Here are some examples to illustrate complex numbers:

Standard Complex Number:
- \( z = 3 + 4i \)
  - Here, \( \text{Re}(z) = 3 \) is the real part and \( \text{Im}(z) = 4 \) is the imaginary part.
- \( z = -6 - 7i \)
- \( z = \sqrt{2} + \sqrt{3}i \)
- \( z = 4 - i \)
Real Number as a Complex Number:
- \( z = 5 + 0i \) or simply \( z = 5 \)
  - This is a real number because the imaginary part is zero. It is a complex number with \( \text{Im}(z) = 0 \).
Purely Imaginary Number:
- \( z = 0 + 2i \) or simply \( z = 2i \)
  - This is a purely imaginary number because the real part is zero. It is a complex number with \( \text{Re}(z) = 0 \).

Each of these examples adheres to the form \( a + bi \) and fits within the complex number system \( \mathbb{C} \).

Example 1

a. \( \sqrt{-8} = 2\sqrt{2}i \)

b. \( \sqrt{-15} = \sqrt{15}i \)

c. \( \sqrt{-64} = 8i \)

d. \( \sqrt{-90} = 3\sqrt{10}i \)

A Fallacy

We know that \(\sqrt{25}=5\). But look at the following steps of reasoning.

\( \sqrt{25} = \sqrt{-5 \times -5} \)
\( = \sqrt{-5} \cdot \sqrt{-5} \)
\( = \sqrt{5}i \cdot \sqrt{5}i \)
\( = 5i^2 \)
\( = 5(-1) \)
\( = -5 \) (which is incorrect)

The fallacy lies in the step from 2 to 3, where the square root of a product of negative numbers is wrongly broken down into the product of square roots of individual negative numbers. The principal square root of a positive number is always positive in the real number system, and the property \( \sqrt{ab} = \sqrt{a} \cdot \sqrt{b} \) holds for non-negative real numbers \( a \) and \( b \) but does not generally hold for negative numbers in the context of real numbers.
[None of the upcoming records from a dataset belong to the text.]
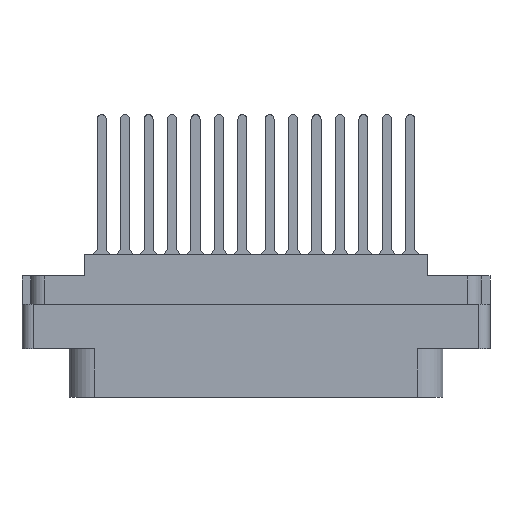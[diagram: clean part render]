
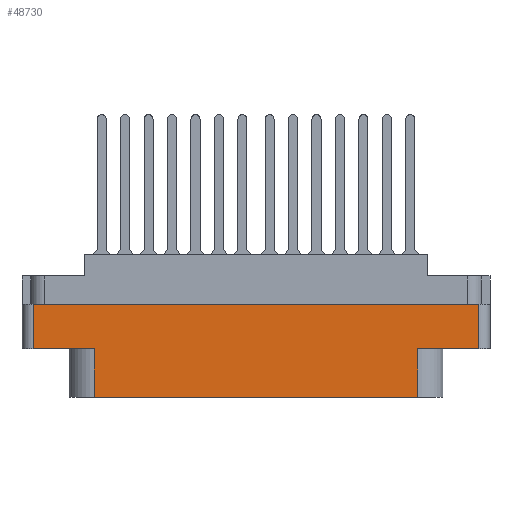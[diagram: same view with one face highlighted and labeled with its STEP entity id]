
A CAD part, front view. The second image highlights one B-rep face of the part: STEP entity #48730.
In plain terms, the highlighted planar face has unit normal (0, -1, 0).
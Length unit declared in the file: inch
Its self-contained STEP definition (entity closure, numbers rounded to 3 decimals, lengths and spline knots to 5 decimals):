
#567 = LINE ( 'NONE', #31254, #31067 ) ;
#1831 = VERTEX_POINT ( 'NONE', #35962 ) ;
#1894 = EDGE_CURVE ( 'NONE', #17253, #1831, #26887, .T. ) ;
#2818 = VECTOR ( 'NONE', #12646, 39.37008 ) ;
#3251 = DIRECTION ( 'NONE',  ( -1., 0., 0. ) ) ;
#5580 = VECTOR ( 'NONE', #27629, 39.37008 ) ;
#6314 = CARTESIAN_POINT ( 'NONE',  ( 0.895, -0.438, -0.52 ) ) ;
#7317 = ORIENTED_EDGE ( 'NONE', *, *, #15261, .F. ) ;
#7944 = CARTESIAN_POINT ( 'NONE',  ( 0.895, -0.438, -0.52 ) ) ;
#8979 = DIRECTION ( 'NONE',  ( -1., 0., 0. ) ) ;
#9247 = LINE ( 'NONE', #7944, #38510 ) ;
#9290 = EDGE_CURVE ( 'NONE', #28195, #21206, #9247, .T. ) ;
#9292 = EDGE_CURVE ( 'NONE', #19817, #19765, #15201, .T. ) ;
#9399 = VECTOR ( 'NONE', #3251, 39.37008 ) ;
#9619 = CARTESIAN_POINT ( 'NONE',  ( -0.895, -0.438, -0.52 ) ) ;
#11413 = EDGE_CURVE ( 'NONE', #17253, #19765, #19506, .T. ) ;
#12047 = ORIENTED_EDGE ( 'NONE', *, *, #22742, .T. ) ;
#12263 = DIRECTION ( 'NONE',  ( 0., 0., 1. ) ) ;
#12646 = DIRECTION ( 'NONE',  ( 1., 0., 0. ) ) ;
#13200 = PLANE ( 'NONE',  #42111 ) ;
#13604 = CARTESIAN_POINT ( 'NONE',  ( 0., -0.438, -0.274 ) ) ;
#14240 = CARTESIAN_POINT ( 'NONE',  ( -0.895, -0.438, -0.789 ) ) ;
#14316 = CARTESIAN_POINT ( 'NONE',  ( -1.2335, -0.438, -0.52 ) ) ;
#14612 = CARTESIAN_POINT ( 'NONE',  ( 0.895, -0.438, -0.789 ) ) ;
#15201 = LINE ( 'NONE', #30974, #5580 ) ;
#15261 = EDGE_CURVE ( 'NONE', #19817, #25862, #17082, .T. ) ;
#17082 = LINE ( 'NONE', #13604, #43388 ) ;
#17253 = VERTEX_POINT ( 'NONE', #9619 ) ;
#17305 = VECTOR ( 'NONE', #40945, 39.37008 ) ;
#17440 = DIRECTION ( 'NONE',  ( 1., 0., 0. ) ) ;
#17893 = ORIENTED_EDGE ( 'NONE', *, *, #48122, .F. ) ;
#19506 = LINE ( 'NONE', #37883, #9399 ) ;
#19765 = VERTEX_POINT ( 'NONE', #14316 ) ;
#19817 = VERTEX_POINT ( 'NONE', #49011 ) ;
#20054 = DIRECTION ( 'NONE',  ( 0., 0., 1. ) ) ;
#20821 = DIRECTION ( 'NONE',  ( 0., 0., -1. ) ) ;
#21206 = VERTEX_POINT ( 'NONE', #6314 ) ;
#22742 = EDGE_CURVE ( 'NONE', #34409, #25862, #567, .T. ) ;
#23962 = CARTESIAN_POINT ( 'NONE',  ( 0., -0.438, -0.52 ) ) ;
#25024 = EDGE_LOOP ( 'NONE', ( #7317, #29538, #35590, #36211, #27201, #39423, #17893, #12047 ) ) ;
#25862 = VERTEX_POINT ( 'NONE', #39506 ) ;
#26887 = LINE ( 'NONE', #14240, #17305 ) ;
#27201 = ORIENTED_EDGE ( 'NONE', *, *, #48058, .T. ) ;
#27629 = DIRECTION ( 'NONE',  ( 0., 0., -1. ) ) ;
#28195 = VERTEX_POINT ( 'NONE', #14612 ) ;
#29538 = ORIENTED_EDGE ( 'NONE', *, *, #9292, .T. ) ;
#30974 = CARTESIAN_POINT ( 'NONE',  ( -1.2335, -0.438, -0.789 ) ) ;
#31067 = VECTOR ( 'NONE', #12263, 39.37008 ) ;
#31254 = CARTESIAN_POINT ( 'NONE',  ( 1.2335, -0.438, -0.789 ) ) ;
#34409 = VERTEX_POINT ( 'NONE', #43875 ) ;
#34990 = CARTESIAN_POINT ( 'NONE',  ( -1.2955, -0.438, -0.789 ) ) ;
#35590 = ORIENTED_EDGE ( 'NONE', *, *, #11413, .F. ) ;
#35962 = CARTESIAN_POINT ( 'NONE',  ( -0.895, -0.438, -0.789 ) ) ;
#36211 = ORIENTED_EDGE ( 'NONE', *, *, #1894, .T. ) ;
#36962 = LINE ( 'NONE', #23962, #39923 ) ;
#37525 = LINE ( 'NONE', #34990, #2818 ) ;
#37883 = CARTESIAN_POINT ( 'NONE',  ( 0., -0.438, -0.52 ) ) ;
#38120 = FACE_OUTER_BOUND ( 'NONE', #25024, .T. ) ;
#38510 = VECTOR ( 'NONE', #20054, 39.37008 ) ;
#39423 = ORIENTED_EDGE ( 'NONE', *, *, #9290, .T. ) ;
#39506 = CARTESIAN_POINT ( 'NONE',  ( 1.2335, -0.438, -0.274 ) ) ;
#39896 = CARTESIAN_POINT ( 'NONE',  ( -1.2955, -0.438, -0.789 ) ) ;
#39923 = VECTOR ( 'NONE', #8979, 39.37008 ) ;
#40945 = DIRECTION ( 'NONE',  ( 0., 0., -1. ) ) ;
#42111 = AXIS2_PLACEMENT_3D ( 'NONE', #39896, #43733, #20821 ) ;
#43388 = VECTOR ( 'NONE', #17440, 39.37008 ) ;
#43733 = DIRECTION ( 'NONE',  ( 0., -1., 0. ) ) ;
#43875 = CARTESIAN_POINT ( 'NONE',  ( 1.2335, -0.438, -0.52 ) ) ;
#48058 = EDGE_CURVE ( 'NONE', #1831, #28195, #37525, .T. ) ;
#48122 = EDGE_CURVE ( 'NONE', #34409, #21206, #36962, .T. ) ;
#48730 = ADVANCED_FACE ( 'NONE', ( #38120 ), #13200, .T. ) ;
#49011 = CARTESIAN_POINT ( 'NONE',  ( -1.2335, -0.438, -0.274 ) ) ;

Correctly, \( \sqrt{25} \) is \( 5 \), and the equation \( \sqrt{-5} \cdot \sqrt{-5} \) cannot be simplified as \( \sqrt{5}i \cdot \sqrt{5}i \) within the system of real numbers. The use of complex numbers (i.e., \( i = \sqrt{-1} \)) should be applied with care, keeping in mind the fundamental differences between the real and complex number systems.

Example 2

Solve the quadratic equation \( 8x^2 - 4x + 1 = 0 \).

Solution:

Applying the quadratic formula:

\( x = \frac{-b \pm \sqrt{b^2 - 4ac}}{2a} \)
\( \implies x = \frac{4 \pm \sqrt{(-4)^2 - 4 \cdot 8 \cdot 1}}{2 \cdot 8} \)
\( \implies x = \frac{4 \pm \sqrt{16 - 32}}{16} \)
\( \implies x = \frac{4 \pm \sqrt{-16}}{16} \)
\( \implies x = \frac{4 \pm 4i}{16} \)
\( \implies x = \frac{1 \pm i}{4} \)

Thus, the solutions to the equation \( 8x^2 - 4x + 1 = 0 \) are \( x = \frac{1}{4} + \frac{i}{4} \) and \( x = \frac{1}{4} - \frac{i}{4} \).

Example 3

Solve the quadratic equation \( 3x^2 - x + 4 = 0 \).

Solution:

Applying the quadratic formula to the equation:

\( x = \frac{-b \pm \sqrt{b^2 - 4ac}}{2a} \)
\( \implies x = \frac{1 \pm \sqrt{(-1)^2 - 4 \cdot 3 \cdot 4}}{2 \cdot 3} \)
\( \implies x = \frac{1 \pm \sqrt{1 - 48}}{6} \)
\( \implies x = \frac{1 \pm \sqrt{-47}}{6} \)
\( \implies x = \frac{1 \pm \sqrt{47}i}{6} \)

Thus, the solutions to the equation \( 3x^2 - x + 4 = 0 \) are \( x = \frac{1}{6} + \frac{\sqrt{47}}{6}i \) and \( x = \frac{1}{6} - \frac{\sqrt{47}}{6}i \).